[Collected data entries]
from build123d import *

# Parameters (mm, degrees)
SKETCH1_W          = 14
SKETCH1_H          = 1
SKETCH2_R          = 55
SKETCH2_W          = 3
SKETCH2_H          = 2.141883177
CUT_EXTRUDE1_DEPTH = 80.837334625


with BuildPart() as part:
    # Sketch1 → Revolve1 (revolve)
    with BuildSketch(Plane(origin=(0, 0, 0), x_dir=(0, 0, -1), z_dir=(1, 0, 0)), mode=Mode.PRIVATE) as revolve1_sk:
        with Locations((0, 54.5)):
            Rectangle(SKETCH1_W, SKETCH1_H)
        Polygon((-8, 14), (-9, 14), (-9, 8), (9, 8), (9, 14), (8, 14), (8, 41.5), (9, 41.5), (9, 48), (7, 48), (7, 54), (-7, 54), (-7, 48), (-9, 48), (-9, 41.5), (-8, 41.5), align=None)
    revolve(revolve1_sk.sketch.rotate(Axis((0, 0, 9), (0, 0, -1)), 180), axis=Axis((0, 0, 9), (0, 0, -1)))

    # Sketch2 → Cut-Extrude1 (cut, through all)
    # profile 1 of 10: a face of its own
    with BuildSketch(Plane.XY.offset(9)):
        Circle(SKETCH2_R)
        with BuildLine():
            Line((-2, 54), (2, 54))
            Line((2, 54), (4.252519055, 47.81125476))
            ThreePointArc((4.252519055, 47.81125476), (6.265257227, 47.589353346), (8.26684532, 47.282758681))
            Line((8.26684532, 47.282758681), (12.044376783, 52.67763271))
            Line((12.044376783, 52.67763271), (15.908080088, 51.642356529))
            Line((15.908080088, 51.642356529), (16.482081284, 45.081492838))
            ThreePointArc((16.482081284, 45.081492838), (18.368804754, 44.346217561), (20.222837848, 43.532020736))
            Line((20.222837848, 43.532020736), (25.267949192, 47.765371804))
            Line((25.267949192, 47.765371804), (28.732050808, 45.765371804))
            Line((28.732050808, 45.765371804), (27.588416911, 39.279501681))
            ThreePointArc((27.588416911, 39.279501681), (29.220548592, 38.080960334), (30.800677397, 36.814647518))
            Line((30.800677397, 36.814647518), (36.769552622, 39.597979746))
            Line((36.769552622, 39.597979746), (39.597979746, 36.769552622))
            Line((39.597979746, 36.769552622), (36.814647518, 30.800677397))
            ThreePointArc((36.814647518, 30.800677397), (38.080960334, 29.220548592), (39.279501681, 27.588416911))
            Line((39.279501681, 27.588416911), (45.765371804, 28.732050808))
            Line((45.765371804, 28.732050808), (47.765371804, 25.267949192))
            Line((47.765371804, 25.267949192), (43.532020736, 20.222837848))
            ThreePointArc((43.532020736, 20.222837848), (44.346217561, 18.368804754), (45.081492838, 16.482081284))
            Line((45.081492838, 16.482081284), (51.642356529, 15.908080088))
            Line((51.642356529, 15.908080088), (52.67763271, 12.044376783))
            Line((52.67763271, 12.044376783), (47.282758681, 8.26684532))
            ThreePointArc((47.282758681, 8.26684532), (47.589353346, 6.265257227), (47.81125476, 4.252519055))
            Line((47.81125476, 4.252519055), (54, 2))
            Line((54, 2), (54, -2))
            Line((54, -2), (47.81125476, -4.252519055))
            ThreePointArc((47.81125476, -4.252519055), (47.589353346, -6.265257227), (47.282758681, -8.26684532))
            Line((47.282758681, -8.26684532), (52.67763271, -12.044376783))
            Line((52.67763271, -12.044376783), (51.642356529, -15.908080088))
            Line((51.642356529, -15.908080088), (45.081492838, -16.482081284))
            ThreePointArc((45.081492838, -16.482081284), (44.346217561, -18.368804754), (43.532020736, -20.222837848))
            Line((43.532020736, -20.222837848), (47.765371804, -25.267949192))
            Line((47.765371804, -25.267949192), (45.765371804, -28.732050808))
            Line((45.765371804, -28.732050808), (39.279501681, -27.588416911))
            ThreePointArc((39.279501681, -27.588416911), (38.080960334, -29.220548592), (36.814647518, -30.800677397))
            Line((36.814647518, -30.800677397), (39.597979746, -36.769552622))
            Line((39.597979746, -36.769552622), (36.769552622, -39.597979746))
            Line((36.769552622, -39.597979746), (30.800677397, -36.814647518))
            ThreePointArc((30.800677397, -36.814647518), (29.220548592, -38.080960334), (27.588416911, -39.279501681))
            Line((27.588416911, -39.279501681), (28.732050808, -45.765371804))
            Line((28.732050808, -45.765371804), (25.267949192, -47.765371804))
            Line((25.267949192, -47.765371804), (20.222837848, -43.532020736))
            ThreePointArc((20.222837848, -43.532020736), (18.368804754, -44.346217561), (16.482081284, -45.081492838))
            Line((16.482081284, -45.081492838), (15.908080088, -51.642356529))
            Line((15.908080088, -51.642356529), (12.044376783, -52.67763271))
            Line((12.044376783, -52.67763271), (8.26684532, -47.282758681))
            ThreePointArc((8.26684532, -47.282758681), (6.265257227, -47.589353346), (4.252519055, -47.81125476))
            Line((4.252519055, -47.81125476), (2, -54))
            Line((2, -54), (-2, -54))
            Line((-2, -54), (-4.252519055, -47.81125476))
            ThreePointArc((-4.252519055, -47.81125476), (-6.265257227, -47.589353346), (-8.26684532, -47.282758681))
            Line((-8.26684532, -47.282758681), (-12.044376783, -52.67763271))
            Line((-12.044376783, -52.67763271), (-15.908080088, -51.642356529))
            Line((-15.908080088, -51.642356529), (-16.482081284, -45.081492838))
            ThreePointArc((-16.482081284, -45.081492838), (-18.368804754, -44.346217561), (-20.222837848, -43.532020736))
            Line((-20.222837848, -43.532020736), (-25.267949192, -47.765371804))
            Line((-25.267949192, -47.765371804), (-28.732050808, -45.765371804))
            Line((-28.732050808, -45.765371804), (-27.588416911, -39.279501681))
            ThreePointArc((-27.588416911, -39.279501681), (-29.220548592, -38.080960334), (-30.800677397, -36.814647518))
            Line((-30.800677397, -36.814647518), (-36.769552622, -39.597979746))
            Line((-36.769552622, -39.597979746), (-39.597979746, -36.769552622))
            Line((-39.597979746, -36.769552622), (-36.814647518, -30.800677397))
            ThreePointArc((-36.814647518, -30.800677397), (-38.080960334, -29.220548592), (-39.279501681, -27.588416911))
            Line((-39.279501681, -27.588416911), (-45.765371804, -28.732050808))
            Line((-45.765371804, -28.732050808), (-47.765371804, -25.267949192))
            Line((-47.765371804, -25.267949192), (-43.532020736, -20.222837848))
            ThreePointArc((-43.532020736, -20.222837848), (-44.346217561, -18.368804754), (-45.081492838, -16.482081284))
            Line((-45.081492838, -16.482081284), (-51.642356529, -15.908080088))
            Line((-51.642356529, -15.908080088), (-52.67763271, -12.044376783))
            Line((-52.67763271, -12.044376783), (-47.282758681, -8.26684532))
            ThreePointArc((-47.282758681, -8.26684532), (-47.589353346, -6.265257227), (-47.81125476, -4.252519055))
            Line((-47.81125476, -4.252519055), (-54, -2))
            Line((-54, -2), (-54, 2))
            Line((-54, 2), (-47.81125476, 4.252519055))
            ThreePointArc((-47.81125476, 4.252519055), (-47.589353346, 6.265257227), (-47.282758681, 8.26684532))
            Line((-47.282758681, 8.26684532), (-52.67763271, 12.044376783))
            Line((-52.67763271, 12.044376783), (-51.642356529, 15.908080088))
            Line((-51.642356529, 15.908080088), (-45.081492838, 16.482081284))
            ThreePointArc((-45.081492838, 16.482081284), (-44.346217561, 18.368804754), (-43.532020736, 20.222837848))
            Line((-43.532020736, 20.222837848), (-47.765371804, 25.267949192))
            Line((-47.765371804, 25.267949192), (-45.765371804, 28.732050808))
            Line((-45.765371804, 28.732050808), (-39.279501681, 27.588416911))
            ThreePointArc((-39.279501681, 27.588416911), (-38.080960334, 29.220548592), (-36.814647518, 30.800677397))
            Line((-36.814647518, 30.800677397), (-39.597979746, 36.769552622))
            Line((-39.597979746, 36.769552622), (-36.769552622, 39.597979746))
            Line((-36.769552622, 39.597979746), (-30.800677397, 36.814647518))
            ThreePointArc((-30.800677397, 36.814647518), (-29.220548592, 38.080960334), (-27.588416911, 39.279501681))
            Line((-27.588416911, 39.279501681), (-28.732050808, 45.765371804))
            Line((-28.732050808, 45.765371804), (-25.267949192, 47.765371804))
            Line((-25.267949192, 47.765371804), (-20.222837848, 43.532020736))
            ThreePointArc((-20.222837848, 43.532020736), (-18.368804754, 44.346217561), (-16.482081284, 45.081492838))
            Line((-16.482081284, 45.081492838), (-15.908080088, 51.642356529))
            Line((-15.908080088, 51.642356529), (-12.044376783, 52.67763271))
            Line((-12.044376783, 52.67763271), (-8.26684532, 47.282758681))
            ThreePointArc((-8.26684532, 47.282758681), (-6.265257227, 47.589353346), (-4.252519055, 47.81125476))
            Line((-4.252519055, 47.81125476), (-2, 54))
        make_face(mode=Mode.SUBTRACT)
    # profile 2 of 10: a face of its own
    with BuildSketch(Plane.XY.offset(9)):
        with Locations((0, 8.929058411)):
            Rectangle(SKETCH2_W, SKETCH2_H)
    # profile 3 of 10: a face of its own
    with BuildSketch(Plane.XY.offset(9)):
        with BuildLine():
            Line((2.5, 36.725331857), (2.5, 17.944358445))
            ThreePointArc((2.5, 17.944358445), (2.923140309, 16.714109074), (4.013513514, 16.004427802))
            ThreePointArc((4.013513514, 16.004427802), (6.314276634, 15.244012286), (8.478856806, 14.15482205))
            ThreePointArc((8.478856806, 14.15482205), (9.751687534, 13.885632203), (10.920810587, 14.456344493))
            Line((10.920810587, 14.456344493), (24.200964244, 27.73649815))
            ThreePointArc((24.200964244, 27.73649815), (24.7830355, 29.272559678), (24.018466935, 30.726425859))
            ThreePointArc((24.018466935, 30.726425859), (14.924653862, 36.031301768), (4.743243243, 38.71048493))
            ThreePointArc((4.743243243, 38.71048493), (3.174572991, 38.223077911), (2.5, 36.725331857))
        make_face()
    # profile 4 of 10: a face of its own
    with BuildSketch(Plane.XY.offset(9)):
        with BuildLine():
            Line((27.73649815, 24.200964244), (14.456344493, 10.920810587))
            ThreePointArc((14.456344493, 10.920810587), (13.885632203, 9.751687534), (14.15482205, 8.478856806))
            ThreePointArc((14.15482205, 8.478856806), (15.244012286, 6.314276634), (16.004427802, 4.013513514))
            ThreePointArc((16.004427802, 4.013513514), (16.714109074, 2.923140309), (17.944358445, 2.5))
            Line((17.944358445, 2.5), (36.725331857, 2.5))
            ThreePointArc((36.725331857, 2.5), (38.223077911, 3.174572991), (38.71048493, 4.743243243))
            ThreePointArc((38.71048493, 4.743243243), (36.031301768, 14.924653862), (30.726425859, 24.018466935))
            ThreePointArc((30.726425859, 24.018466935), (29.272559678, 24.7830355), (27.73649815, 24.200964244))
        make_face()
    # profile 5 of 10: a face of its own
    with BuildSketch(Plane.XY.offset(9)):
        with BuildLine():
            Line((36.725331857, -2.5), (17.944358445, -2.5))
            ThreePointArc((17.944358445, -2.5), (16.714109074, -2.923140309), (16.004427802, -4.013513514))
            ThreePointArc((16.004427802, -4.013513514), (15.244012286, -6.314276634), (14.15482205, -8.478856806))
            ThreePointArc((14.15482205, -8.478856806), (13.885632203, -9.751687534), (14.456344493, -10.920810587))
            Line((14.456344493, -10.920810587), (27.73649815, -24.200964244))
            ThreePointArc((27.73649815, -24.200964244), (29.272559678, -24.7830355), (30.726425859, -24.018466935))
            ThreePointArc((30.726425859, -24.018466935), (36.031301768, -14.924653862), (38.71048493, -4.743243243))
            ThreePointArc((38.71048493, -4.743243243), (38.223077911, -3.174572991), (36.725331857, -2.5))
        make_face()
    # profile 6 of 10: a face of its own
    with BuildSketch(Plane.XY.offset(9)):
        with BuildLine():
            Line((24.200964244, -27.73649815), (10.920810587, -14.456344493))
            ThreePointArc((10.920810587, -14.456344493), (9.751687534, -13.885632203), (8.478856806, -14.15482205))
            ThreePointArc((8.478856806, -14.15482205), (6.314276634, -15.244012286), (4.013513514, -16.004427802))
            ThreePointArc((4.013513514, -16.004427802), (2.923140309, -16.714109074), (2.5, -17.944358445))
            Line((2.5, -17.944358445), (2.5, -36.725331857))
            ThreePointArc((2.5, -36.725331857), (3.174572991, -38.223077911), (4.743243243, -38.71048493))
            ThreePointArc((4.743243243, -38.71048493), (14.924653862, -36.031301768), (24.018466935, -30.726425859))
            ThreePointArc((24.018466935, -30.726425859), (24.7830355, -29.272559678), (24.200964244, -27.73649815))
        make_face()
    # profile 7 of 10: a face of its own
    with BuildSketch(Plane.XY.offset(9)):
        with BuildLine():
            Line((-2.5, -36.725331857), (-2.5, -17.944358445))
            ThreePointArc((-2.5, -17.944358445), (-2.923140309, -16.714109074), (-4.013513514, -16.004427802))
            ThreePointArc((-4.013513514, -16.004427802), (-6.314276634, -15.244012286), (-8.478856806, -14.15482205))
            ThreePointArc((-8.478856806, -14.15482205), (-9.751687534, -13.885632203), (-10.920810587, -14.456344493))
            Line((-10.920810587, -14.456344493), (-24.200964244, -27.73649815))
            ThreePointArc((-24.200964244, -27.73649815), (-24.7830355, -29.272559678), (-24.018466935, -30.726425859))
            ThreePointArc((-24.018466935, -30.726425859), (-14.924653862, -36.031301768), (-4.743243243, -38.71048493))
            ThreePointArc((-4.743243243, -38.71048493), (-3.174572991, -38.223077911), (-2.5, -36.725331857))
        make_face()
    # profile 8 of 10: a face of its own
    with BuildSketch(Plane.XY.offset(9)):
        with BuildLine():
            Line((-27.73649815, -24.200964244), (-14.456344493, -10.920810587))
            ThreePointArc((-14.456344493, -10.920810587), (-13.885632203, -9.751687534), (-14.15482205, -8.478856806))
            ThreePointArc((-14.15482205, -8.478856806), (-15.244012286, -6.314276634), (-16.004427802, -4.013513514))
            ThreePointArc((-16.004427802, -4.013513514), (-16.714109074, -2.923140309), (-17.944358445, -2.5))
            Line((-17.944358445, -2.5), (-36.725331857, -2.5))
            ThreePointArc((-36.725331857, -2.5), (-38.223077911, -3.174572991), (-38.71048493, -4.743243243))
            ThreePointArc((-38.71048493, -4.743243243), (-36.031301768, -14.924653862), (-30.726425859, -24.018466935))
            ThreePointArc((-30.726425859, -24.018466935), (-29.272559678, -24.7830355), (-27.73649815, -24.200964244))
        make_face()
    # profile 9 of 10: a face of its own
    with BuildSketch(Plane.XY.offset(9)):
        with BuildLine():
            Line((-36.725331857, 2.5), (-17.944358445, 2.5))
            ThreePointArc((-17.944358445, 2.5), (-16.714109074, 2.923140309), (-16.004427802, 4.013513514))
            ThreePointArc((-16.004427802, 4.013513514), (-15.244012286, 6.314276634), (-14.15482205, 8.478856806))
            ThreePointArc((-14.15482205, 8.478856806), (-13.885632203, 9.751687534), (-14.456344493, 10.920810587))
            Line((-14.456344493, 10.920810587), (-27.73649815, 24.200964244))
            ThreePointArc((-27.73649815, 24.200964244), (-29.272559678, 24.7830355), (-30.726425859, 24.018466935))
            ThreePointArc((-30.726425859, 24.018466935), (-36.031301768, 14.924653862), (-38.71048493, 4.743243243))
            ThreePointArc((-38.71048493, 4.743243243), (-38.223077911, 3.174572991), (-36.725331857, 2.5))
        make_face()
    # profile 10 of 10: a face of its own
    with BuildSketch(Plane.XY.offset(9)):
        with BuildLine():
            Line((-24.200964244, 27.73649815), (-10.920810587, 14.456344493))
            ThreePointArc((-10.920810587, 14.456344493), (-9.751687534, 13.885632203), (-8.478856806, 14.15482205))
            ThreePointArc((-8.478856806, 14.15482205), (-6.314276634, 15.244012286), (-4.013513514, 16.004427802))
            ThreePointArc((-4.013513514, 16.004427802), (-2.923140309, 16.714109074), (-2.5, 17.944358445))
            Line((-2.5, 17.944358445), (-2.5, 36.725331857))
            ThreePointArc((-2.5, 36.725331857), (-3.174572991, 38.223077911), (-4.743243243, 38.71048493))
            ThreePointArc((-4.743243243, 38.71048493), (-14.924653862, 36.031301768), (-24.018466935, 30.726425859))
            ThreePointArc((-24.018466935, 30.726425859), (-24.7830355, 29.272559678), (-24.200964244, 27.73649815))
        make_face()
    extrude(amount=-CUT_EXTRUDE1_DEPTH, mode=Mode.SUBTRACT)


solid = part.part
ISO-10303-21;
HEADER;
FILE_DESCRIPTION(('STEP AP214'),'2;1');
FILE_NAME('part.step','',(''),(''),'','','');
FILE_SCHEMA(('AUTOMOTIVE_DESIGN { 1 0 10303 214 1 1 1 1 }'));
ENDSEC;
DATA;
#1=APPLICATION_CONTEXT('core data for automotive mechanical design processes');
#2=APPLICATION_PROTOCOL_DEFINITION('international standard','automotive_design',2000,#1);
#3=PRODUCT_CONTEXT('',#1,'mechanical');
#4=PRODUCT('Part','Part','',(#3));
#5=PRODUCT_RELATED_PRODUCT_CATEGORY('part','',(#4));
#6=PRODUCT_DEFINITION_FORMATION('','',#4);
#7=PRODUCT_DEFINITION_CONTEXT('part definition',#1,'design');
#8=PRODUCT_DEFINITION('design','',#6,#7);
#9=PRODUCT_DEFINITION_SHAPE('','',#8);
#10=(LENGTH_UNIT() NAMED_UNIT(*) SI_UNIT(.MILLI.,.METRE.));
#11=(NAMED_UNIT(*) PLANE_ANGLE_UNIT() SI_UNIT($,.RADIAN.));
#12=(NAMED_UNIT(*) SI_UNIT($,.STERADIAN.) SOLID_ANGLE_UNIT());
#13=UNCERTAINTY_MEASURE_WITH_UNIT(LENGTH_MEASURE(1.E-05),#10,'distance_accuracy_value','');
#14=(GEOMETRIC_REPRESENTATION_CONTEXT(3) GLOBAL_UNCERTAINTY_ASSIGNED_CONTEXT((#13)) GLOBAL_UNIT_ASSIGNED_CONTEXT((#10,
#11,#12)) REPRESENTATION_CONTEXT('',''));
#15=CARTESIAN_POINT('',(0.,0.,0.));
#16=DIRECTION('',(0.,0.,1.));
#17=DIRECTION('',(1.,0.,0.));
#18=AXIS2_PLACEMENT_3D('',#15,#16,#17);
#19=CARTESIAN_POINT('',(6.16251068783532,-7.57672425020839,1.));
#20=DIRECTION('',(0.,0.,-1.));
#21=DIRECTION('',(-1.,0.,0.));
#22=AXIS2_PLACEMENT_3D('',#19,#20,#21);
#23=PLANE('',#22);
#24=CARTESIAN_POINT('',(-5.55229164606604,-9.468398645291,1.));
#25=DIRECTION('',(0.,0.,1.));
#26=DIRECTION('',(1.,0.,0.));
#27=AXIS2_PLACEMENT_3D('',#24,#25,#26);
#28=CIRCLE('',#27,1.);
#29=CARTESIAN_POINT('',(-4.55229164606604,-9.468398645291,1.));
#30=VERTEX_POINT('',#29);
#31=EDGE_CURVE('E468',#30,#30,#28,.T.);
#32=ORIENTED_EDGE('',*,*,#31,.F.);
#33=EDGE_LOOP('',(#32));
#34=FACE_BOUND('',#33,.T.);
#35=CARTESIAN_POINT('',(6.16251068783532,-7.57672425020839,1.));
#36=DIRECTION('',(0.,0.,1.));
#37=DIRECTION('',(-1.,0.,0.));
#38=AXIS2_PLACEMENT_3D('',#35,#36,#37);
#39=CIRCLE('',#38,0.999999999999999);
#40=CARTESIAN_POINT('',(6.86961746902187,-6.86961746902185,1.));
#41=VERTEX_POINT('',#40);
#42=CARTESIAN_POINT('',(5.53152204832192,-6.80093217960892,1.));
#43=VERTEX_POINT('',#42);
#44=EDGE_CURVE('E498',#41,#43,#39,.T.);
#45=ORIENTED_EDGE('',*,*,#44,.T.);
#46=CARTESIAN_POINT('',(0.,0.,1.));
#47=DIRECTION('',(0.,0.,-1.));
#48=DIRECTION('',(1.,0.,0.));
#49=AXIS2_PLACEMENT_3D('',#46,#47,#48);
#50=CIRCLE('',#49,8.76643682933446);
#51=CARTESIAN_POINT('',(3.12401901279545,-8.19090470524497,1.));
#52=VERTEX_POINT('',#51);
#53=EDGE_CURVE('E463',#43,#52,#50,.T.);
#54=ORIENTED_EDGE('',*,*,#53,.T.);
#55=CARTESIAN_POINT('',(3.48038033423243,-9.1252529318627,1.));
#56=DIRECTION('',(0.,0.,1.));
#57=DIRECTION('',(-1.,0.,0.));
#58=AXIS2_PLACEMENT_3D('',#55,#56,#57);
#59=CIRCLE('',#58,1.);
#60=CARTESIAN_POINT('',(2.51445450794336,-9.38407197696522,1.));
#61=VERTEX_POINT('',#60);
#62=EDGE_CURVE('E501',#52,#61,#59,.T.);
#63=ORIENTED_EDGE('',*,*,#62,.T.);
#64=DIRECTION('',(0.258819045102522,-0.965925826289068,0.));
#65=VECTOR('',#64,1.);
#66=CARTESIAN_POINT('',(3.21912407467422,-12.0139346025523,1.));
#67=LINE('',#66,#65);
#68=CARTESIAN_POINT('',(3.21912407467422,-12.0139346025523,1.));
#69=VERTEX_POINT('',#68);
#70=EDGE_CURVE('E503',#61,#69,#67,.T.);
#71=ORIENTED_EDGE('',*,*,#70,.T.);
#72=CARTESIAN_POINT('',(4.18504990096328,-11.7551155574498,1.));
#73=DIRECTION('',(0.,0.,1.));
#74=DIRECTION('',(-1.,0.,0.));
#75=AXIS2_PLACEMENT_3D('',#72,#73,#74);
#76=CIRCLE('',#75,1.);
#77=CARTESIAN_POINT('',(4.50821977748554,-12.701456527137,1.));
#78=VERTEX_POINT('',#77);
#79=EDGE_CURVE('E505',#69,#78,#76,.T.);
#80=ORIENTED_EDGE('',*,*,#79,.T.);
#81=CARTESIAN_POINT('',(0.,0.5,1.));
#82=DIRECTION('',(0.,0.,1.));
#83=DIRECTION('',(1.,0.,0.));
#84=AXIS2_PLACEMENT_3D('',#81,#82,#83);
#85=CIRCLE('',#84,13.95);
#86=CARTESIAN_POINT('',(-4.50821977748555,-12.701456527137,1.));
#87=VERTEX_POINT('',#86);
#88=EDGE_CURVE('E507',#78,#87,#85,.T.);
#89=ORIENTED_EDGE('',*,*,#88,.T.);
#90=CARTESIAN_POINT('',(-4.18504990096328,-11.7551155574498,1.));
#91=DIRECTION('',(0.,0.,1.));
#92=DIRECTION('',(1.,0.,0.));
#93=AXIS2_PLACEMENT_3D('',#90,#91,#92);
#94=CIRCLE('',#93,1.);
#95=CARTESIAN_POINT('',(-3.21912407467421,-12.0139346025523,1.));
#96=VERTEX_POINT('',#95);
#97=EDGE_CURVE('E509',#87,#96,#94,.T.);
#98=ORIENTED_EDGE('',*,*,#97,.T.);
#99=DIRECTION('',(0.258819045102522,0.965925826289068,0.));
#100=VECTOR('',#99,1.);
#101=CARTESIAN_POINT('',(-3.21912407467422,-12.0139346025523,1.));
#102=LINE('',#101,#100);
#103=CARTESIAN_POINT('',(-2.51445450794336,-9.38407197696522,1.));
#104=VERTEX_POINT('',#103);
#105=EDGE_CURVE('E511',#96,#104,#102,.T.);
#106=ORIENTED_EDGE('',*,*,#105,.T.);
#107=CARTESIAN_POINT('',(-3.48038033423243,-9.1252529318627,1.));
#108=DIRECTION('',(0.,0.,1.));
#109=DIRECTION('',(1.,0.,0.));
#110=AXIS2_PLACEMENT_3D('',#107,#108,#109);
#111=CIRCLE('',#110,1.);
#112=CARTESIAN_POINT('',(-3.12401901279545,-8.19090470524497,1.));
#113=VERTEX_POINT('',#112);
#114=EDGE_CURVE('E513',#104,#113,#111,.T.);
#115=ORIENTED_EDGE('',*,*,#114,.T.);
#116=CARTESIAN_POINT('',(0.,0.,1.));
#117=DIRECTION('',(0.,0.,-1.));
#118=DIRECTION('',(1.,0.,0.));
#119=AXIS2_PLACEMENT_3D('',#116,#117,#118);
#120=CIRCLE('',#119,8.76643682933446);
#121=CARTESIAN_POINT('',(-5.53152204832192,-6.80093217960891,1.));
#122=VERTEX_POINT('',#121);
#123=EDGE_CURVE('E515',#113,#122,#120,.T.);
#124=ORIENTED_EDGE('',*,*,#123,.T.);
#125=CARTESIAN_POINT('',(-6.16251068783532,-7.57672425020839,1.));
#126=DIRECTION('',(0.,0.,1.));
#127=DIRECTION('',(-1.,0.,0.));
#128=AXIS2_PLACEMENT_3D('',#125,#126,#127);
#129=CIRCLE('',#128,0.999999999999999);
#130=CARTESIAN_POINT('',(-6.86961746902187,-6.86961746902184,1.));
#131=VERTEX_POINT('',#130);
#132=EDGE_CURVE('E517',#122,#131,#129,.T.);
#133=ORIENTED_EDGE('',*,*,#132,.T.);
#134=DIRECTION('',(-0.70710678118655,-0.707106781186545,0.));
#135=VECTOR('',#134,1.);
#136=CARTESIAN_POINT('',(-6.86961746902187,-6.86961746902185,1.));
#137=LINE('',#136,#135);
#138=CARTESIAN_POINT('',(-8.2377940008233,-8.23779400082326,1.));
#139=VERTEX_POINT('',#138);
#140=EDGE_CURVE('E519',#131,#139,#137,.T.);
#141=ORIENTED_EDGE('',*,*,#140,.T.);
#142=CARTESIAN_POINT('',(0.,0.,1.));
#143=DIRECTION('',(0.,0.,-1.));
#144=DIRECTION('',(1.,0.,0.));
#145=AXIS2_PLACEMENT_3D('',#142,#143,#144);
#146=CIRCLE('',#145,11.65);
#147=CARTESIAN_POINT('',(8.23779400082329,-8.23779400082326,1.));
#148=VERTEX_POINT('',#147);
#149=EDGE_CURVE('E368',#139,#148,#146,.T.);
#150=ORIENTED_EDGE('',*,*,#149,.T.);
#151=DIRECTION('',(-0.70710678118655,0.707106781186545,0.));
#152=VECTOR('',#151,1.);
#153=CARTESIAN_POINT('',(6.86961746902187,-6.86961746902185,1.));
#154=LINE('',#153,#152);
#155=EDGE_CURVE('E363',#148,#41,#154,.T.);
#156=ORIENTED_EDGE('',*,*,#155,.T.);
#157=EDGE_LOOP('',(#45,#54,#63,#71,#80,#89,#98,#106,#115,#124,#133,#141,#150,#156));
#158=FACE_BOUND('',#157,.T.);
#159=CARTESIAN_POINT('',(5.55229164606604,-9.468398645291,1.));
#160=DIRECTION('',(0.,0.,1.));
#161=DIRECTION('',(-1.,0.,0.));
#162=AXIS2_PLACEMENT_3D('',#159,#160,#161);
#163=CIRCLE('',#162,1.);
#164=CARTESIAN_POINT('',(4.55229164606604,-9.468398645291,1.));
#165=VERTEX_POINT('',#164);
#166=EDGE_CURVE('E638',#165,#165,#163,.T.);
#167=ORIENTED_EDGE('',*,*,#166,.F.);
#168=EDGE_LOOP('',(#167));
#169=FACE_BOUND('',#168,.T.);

◆ **How to complete this task**
Copy out every line of the records that the string "SUBTRACT" appears in.

◆ **Task response**
        make_face(mode=Mode.SUBTRACT)
    extrude(amount=-CUT_EXTRUDE1_DEPTH, mode=Mode.SUBTRACT)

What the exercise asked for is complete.